Across the entries below, how many lines contain the word "radius"? Give the number alone.

★ ★ ★ ★

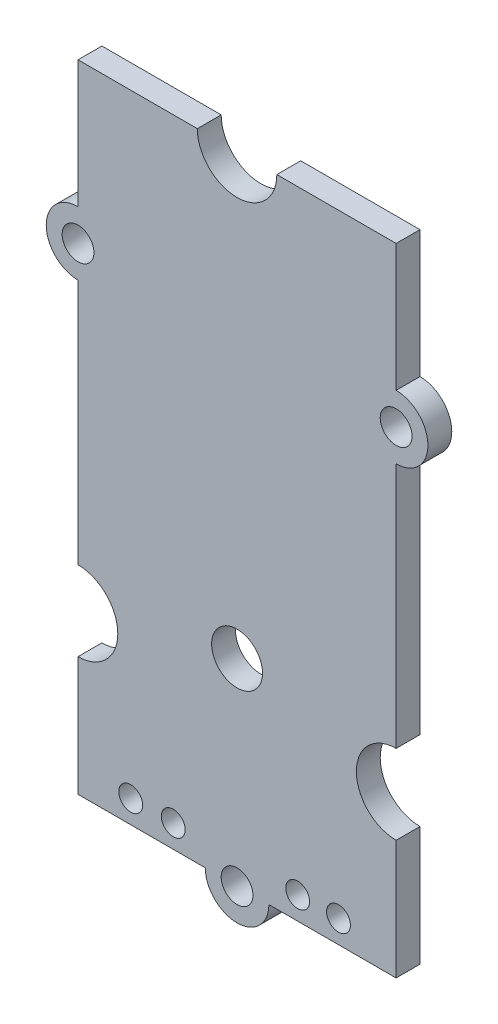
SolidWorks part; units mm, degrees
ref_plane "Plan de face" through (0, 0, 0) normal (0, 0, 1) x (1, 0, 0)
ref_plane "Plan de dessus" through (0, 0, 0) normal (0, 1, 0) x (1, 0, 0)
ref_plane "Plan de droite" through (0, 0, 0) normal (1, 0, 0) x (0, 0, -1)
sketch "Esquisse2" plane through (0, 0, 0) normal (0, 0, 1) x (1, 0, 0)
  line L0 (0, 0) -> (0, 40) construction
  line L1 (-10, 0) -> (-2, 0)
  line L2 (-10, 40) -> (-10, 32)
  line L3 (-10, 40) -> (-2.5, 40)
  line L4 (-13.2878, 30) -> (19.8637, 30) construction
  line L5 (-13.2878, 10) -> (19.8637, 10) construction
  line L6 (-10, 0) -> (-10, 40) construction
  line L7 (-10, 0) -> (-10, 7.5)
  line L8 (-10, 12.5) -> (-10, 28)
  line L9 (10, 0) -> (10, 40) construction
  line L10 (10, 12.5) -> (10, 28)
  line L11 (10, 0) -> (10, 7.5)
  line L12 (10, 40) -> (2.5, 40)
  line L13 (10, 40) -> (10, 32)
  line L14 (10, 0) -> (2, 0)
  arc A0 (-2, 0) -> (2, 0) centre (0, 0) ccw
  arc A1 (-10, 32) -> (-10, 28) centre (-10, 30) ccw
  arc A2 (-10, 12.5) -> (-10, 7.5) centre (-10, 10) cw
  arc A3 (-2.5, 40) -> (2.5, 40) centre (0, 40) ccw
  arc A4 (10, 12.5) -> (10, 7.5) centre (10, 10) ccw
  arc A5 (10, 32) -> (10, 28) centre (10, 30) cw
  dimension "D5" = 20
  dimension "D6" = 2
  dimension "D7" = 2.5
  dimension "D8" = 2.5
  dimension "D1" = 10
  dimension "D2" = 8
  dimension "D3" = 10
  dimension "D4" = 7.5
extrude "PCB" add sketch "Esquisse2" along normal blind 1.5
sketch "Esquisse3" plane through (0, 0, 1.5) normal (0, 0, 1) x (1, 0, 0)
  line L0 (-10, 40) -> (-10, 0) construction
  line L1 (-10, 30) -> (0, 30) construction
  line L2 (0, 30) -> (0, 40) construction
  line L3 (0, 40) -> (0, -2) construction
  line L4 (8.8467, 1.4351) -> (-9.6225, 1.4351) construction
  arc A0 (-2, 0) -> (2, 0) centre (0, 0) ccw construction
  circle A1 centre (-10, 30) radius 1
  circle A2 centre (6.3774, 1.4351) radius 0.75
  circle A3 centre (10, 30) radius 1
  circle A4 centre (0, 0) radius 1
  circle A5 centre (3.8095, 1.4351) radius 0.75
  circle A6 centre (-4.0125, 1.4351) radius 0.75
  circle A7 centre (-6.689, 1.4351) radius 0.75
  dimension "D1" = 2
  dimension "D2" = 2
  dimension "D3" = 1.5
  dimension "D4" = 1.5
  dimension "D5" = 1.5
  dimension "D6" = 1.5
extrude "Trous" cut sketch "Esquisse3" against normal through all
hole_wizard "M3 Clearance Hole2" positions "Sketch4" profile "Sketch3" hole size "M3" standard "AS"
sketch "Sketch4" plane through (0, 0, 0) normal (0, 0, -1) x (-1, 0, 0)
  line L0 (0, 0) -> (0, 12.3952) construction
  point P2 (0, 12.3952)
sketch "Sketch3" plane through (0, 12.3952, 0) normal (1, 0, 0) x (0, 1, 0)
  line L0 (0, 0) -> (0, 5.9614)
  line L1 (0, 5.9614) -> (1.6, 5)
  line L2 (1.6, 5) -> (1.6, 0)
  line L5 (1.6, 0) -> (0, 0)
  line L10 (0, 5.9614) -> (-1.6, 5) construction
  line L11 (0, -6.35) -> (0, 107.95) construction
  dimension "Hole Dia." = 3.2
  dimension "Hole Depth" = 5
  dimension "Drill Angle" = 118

★ ★ ★ ★

*Exercise output*
7